**Your instructions:** Return, from the data below, each line that contains the word "Total".

**Raw data:**
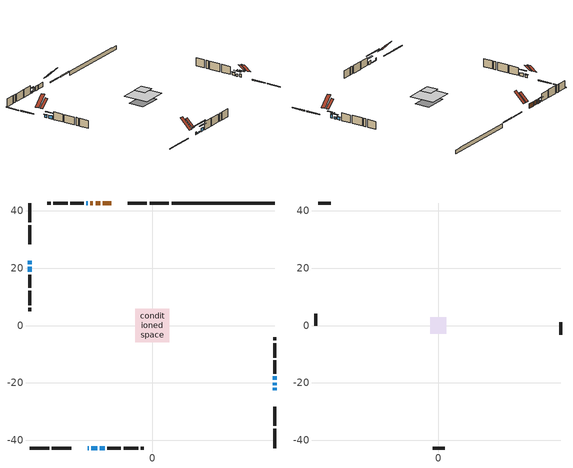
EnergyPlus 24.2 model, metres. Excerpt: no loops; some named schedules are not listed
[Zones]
conditioned space
 floor adiabatic (AdiabaticFloorConstruction): -5.87,-5.87 -5.87,5.87 5.87,5.87 5.87,-5.87 z1.45
 floor foundation (Slab1 construction): -5.41,-3.58 -5.41,3.58 5.41,3.58 5.41,-3.58 z-1.6
 wall outside (RimJoist1 construction): 5.82,42.72 -0.92,42.72 / -42.72,-42.72 -35.97,-42.72 / -42.72,42.72 -42.72,35.97 / 42.72,-42.72 42.72,-35.97 z0.23:0.53
 wall outside (RimJoist2 construction): -1.85,42.72 -8.6,42.72 / -35.04,-42.72 -28.3,-42.72 / -42.72,35.04 -42.72,28.3 / 42.72,-35.04 42.72,-28.3 z0.23:0.53
 wall outside (AdiabaticWallConstruction 1): -14.33,42.72 -17.28,42.72 / -18.2,42.72 -19.76,42.72 / -20.69,42.72 -21.55,42.72 z0.23:2.26
 wall outside (AdiabaticWallConstruction): -22.56,-42.72 -22.15,-42.72 / -42.72,22.56 -42.72,21.34 / 42.72,-18.98 42.72,-17.76 z0.23:1.45; -22.48,42.72 -22.94,42.72 z0.23:0.99; -21.22,-42.72 -19.19,-42.72 z0.23:0.59; 42.72,-22.56 42.72,-21.7 z0.23:1.76; 42.72,-20.77 42.72,-19.91 z0.23:1.15; -18.26,-42.72 -16.54,-42.72 / -42.72,20.42 -42.72,18.69 z0.23:1.75
 wall outside (Wall1 construction): -23.86,42.72 -28.53,42.72 / -15.61,-42.72 -10.95,-42.72 / -42.72,17.76 -42.72,13.1 / 42.72,-16.83 42.72,-12.17 z0.23:3.89
 wall outside (Wall2 construction): -29.45,42.72 -34.54,42.72 / -10.02,-42.72 -4.93,-42.72 / -42.72,12.17 -42.72,7.08 / 42.72,-11.24 42.72,-6.15 z0.23:3.89
 wall outside (Wall3 construction): -35.47,42.72 -36.59,42.72 / -4,-42.72 -2.88,-42.72 / -42.72,6.15 -42.72,5.03 / 42.72,-5.22 42.72,-4.1 z0.23:3.89
 wall foundation (FoundationWall1 construction): 6.75,42.72,-1.6 6.75,42.72,0.23 39.12,42.72,0.23 39.12,42.72,0.03 42.72,42.72,0.03 42.72,42.72,-1.6
 window (WindowConstruction 7): -22.56,-42.72 -22.15,-42.72 z0.23:1.45
 window (WindowConstruction 5): -22.48,42.72 -22.94,42.72 z0.23:0.99
 window (WindowConstruction 6): -42.72,22.56 -42.72,21.34 z0.23:1.45
 window (WindowConstruction 8): -21.22,-42.72 -19.19,-42.72 z0.23:0.59
 window (WindowConstruction): 42.72,-22.56 42.72,-21.7 z0.23:1.75
 window (WindowConstruction 1): 42.72,-20.77 42.72,-19.91 z0.23:1.14
 window (WindowConstruction 2): -18.26,-42.72 -16.54,-42.72 z0.23:1.75
 window (WindowConstruction 3): -42.72,20.41 -42.72,18.69 z0.23:1.75
 window (WindowConstruction 4): 42.72,-18.98 42.72,-17.76 z0.23:1.45
 door (Door): -14.33,42.72 -17.27,42.72 z0.23:2.26
 door (Door 1): -18.2,42.72 -19.76,42.72 z0.23:2.26
 door (Door 2): -20.69,42.72 -21.55,42.72 z0.23:2.26
 ceiling adiabatic (AdiabaticFloorConstruction): 5.87,-5.87 5.87,5.87 -5.87,5.87 -5.87,-5.87 z1.45
 roof outside (Roof2 construction): -13.4,42.72,3.89 -13.4,39.08,7.53 -12.12,39.08,7.53 -12.12,42.72,3.89; -23.49,-42.72,3.89 -23.49,-39.08,7.53 -24.78,-39.08,7.53 -24.78,-42.72,3.89; -42.72,23.49,3.89 -39.08,23.49,7.53 -39.08,24.78,7.53 -42.72,24.78,3.89; 42.72,-23.49,3.89 39.08,-23.49,7.53 39.08,-24.78,7.53 42.72,-24.78,3.89
attic - vented
 floor to conditioned space (Floor1 construction Reversed): -2.79,-2.79 -2.79,2.79 2.79,2.79 2.79,-2.79 z3.89
 wall outside (Wall4 construction): -37.52,42.72 -41.79,42.72 / -1.95,-42.72 2.31,-42.72 / -42.72,4.1 -42.72,-0.16 / 42.72,-3.18 42.72,1.09 z0.23:3.89
 roof outside (Roof1 construction): -11.19,42.72,3.89 -11.19,38.02,8.59 -9.53,38.02,8.59 -9.53,42.72,3.89; -25.71,-42.72,3.89 -25.71,-38.02,8.59 -27.37,-38.02,8.59 -27.37,-42.72,3.89; -42.72,25.71,3.89 -38.02,25.71,8.59 -38.02,27.37,8.59 -42.72,27.37,3.89; 42.72,-25.71,3.89 38.02,-25.71,8.59 38.02,-27.37,8.59 42.72,-27.37,3.89
shading: -24.36,42.72 -21.06,42.72 -21.06,43.13 -24.36,43.13 z2.41; -42.72,21.14 -42.72,22.76 -43.13,22.76 -43.13,21.14 z1.65; -15.18,-42.72 -25.23,-42.72 -25.23,-43.13 -15.18,-43.13 z4.6; 42.72,-20.28 42.72,-23.98 43.13,-23.98 43.13,-20.28 z3.17; 42.72,-18.49 42.72,-22.19 43.13,-22.19 43.13,-18.49 z2.56; -15.12,-42.72 -19.68,-42.72 -19.68,-43.13 -15.12,-43.13 z3.17; -42.72,17.27 -42.72,21.83 -43.13,21.83 -43.13,17.27 z3.17; 42.72,-17.56 42.72,-19.18 43.13,-19.18 43.13,-17.56 z1.65
[Building]
Building 1: Terrain=Suburbs
[Site:Location]
Toronto Intl AP_ON: Latitude {deg}=43.68; Longitude {deg}=-79.63; Time Zone {hr}=-5; Elevation {m}=173; Keep Site Location Information=Yes
[Site:GroundTemperature:Shallow]
4.59119, 2.66285, 2.50842, 3.42352, 7.09712, 10.7536, 13.9236, 15.9317, 16.1023, 14.4691, 11.3799, 7.83558
[Site:WaterMainsTemperature]
Calculation Method=Schedule; Temperature Schedule=mains temperature schedule
[Material] Roughness=Rough; Thermal Absorptance=0.9
Name | Thickness {m} | Conductivity {W/m-K} | Density {kg/m3} | Specific Heat {J/kg-K} | Solar Absorptance | Visible Absorptance
asphalt or fiberglass shingles | 0.00635 | 0.162714 | 1121.4 | 1465.45 | 0.4 | 0.4
ceiling loosefill ins | 0.0846667 | 0.0480833 | 16.02 | 1046.75 | 0.7 | 0.7
ceiling stud and cavity | 0.1397 | 0.107212 | 65.682 | 1177.47 | 0.7 | 0.7
concrete 4.0 in. | 0.1016 | 1.803125 | 2242.8 | 837.4 | 0.7 | 0.7
concrete 8.0 in. | 0.2032 | 1.803125 | 2242.8 | 837.4 | 0.7 | 0.7
door material | 0.04445 | 0.20624 | 512.64 | 1214.23 | 0.7 | 0.7
door material 1 | 0.04445 | 0.053851 | 512.64 | 1214.23 | 0.7 | 0.7
door material 2 | 0.04445 | 0.188738 | 512.64 | 1214.23 | 0.7 | 0.7
floor covering | 0.0127 | 0.0433444 | 54.468 | 1339.84 | 0.6 | 0.6
floor rigid ins; wall rigid ins | 0.512978 | 0.029427 | 32.04 | 1214.23 | 0.7 | 0.7
floor stud and cavity | 0.1397 | 1.75129 | 37.0049 | 1207.88 | 0.7 | 0.7
furniture material conditioned space 1 | 0.1524 | 0.115458 | 640.8 | 1214.23 | 0.6 | 0.6
gypsum board | 0.0127 | 0.160291 | 801 | 837.4 | 0.6 | 0.6
osb sheathing 0.5 in. | 0.0127 | 0.115458 | 512.64 | 1214.23 | 0.7 | 0.7
osb sheathing 0.75 in. | 0.01905 | 0.115458 | 512.64 | 1214.23 | 0.7 | 0.7
osb sheathing 2.0 in. | 0.0508 | 0.115458 | 512.64 | 1214.23 | 0.7 | 0.7
rim joist stud and cavity | 0.0508 | 0.271007 | 50.32683 | 1063.81 | 0.6 | 0.6
rim joist stud and cavity 1 | 0.0508 | 0.0498635 | 125.044 | 1163.47 | 0.6 | 0.6
roof stud and cavity | 0.2032 | 0.111774 | 78.34581 | 1123.46 | 0.7 | 0.7
wall stud and cavity | 0.1397 | 0.123006 | 139.0536 | 1170.24 | 0.7 | 0.7
wall stud and cavity 1 | 0.1397 | 0.125935 | 139.0536 | 1170.24 | 0.7 | 0.7
wall stud and cavity 2 | 0.1397 | 0.136791 | 139.0536 | 1170.24 | 0.7 | 0.7
wall stud and cavity 3 | 0.0889 | 6.9971 | 50.32683 | 1063.81 | 0.6 | 0.6
wall stud and cavity 4 | 0.0889 | 0.380278 | 52.3479 | 1209.89 | 0.7 | 0.7
wall stud and cavity 5 | 0.0889 | 0.391764 | 83.0341 | 1211.67 | 0.7 | 0.7
wood siding | 0.0254 | 0.102417 | 544.68 | 1172.36 | 0.4 | 0.4
wood siding 1 | 0.00254 | 0.102417 | 544.68 | 1172.36 | 0.4 | 0.4
wood siding 2; wood siding 3; wood siding 4 | 0.0254 | 0.102417 | 544.68 | 1172.36 | 0.7 | 0.7
[WindowMaterial:SimpleGlazingSystem]
Name | U-Factor {W/m2-K} | Solar Heat Gain Coefficient
WindowMaterial | 3.0911 | 0.56
WindowMaterial 1 | 3.120061 | 0.5
WindowMaterial 2 | 3.11041 | 0.5
WindowMaterial 3 | 3.12687 | 0.4
WindowMaterial 4 | 3.72306 | 0.52
WindowMaterial 5 | 5.002318 | 0.62
[Construction]
AdiabaticFloorConstruction: floor stud and cavity, floor rigid ins, osb sheathing 0.75 in., floor covering
AdiabaticWallConstruction: wood siding 3, wall rigid ins, wall stud and cavity 4, gypsum board
AdiabaticWallConstruction 1: wood siding 4, wall rigid ins, wall stud and cavity 4, gypsum board
Door: door material
Door 1: door material 1
Door 2: door material 2
Floor1 construction Reversed: gypsum board, ceiling stud and cavity, ceiling loosefill ins
FoundationWall1 construction: concrete 8.0 in.
furniture construction conditioned space 1: furniture material conditioned space 1
PartitionWallConstruction: gypsum board, wall stud and cavity 5, gypsum board
RimJoist1 construction: wood siding 2, rim joist stud and cavity
RimJoist2 construction: wood siding 2, osb sheathing 2.0 in., rim joist stud and cavity 1
Roof1 construction: asphalt or fiberglass shingles
Roof2 construction: asphalt or fiberglass shingles, osb sheathing 0.75 in., roof stud and cavity, gypsum board
Slab1 construction: concrete 4.0 in.
Wall1 construction: wood siding, osb sheathing 0.5 in., wall stud and cavity, gypsum board
Wall2 construction: wood siding, osb sheathing 0.5 in., wall stud and cavity 1, gypsum board
Wall3 construction: wood siding, osb sheathing 0.5 in., wall stud and cavity 2, gypsum board
Wall4 construction: wood siding 1, wall stud and cavity 3
WindowConstruction; WindowConstruction 2; WindowConstruction 3: WindowMaterial
WindowConstruction 1: WindowMaterial 1
WindowConstruction 4; WindowConstruction 6: WindowMaterial 2
WindowConstruction 5: WindowMaterial 3
WindowConstruction 7: WindowMaterial 4
WindowConstruction 8: WindowMaterial 5
[Zone] Multiplier=1; Part of Total Floor Area=Yes
Name | Volume {m3}
attic - vented | 20.568
conditioned space | 488.4
[Space]
Name | Zone | Volume {m3}
attic - vented 1 | attic - vented | 20.568
conditioned space 1 | conditioned space | 488.4
[ZoneInfiltration:EffectiveLeakageArea]
infil attic - vented 1: Zone or Space=attic - vented 1; Schedule=Always On Discrete; Effective Air Leakage Area {cm2}=1292.28; Stack Coefficient=0.00058112; Wind Coefficient=1.62875e-05
[ZoneMixing]
whole house fan mix: Zone or Space=attic - vented; Schedule=Always On Continuous; Design Flow Rate Calculation Method=Flow/Zone; Design Flow Rate {m3/s}=0; Source Zone or Space=conditioned space
[SurfaceProperty:ExposedFoundationPerimeter]
Slab1: Exposed Perimeter Calculation Method=TotalExposedPerimeter; Total Exposed Perimeter {m}=35.967
[InternalMass] Zone or ZoneList=conditioned space; Space or SpaceList=conditioned space 1
Name | Construction | Surface Area {m2}
furniture mass conditioned space 1 | furniture construction conditioned space 1 | 86.1241
partition wall mass | PartitionWallConstruction | 215.31
[Lights]
interior lighting: Zone or ZoneList or Space or SpaceList=conditioned space 1; Schedule=interior lighting schedule; Design Level Calculation Method=LightingLevel; Lighting Level {W}=343.2; Return Air Fraction=0; Fraction Radiant=0.6; Fraction Visible=0.2; Fraction Replaceable=1
[People]
occupants: Zone or ZoneList or Space or SpaceList=conditioned space 1; Number of People Schedule=occupants schedule; Number of People Calculation Method=People; Number of People=3; Fraction Radiant=0.314171; Sensible Heat Fraction=0.56303; Activity Level Schedule=occupants activity schedule; Carbon Dioxide Generation Rate {m3/s-W}=0; Enable ASHRAE 55 Comfort Warnings=No; Mean Radiant Temperature Calculation Type=EnclosureAveraged
[ElectricEquipment] Zone or ZoneList or Space or SpaceList=conditioned space 1; Design Level Calculation Method=EquipmentLevel
Name | Schedule | Design Level {W} | Fraction Latent | Fraction Radiant | Fraction Lost
clothes dryer | clothes dryer schedule | 140.772 | 0.015 | 0.081 | 0.85
clothes washer | clothes washer schedule | 32.1985 | 0.03 | 0.162 | 0.7
cooking range | cooking range schedule | 215.147 | 0.08 | 0.432 | 0.2
dishwasher | dishwasher schedule | 66.8632 | 0.3 | 0.18 | 0.4
fridge | fridge schedule | 72.9452 | 0 | 0.6 | 0
mech vent house fan | mech vent house fan schedule | 0 | 0 | 0 | 1
mech vent house fan cfis | mech vent house fan cfis schedule | 0 | 0 | 0 | 0
misc plug loads | misc plug loads schedule | 494.7 | 0.045 | 0.513 | 0.1
whole house fan | Always On Discrete | 0 | 0 | 0 | 1
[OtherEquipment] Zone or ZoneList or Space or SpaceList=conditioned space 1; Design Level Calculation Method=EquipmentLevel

**Finished exercise:**
[Zone] Multiplier=1; Part of Total Floor Area=Yes
Slab1: Exposed Perimeter Calculation Method=TotalExposedPerimeter; Total Exposed Perimeter {m}=35.967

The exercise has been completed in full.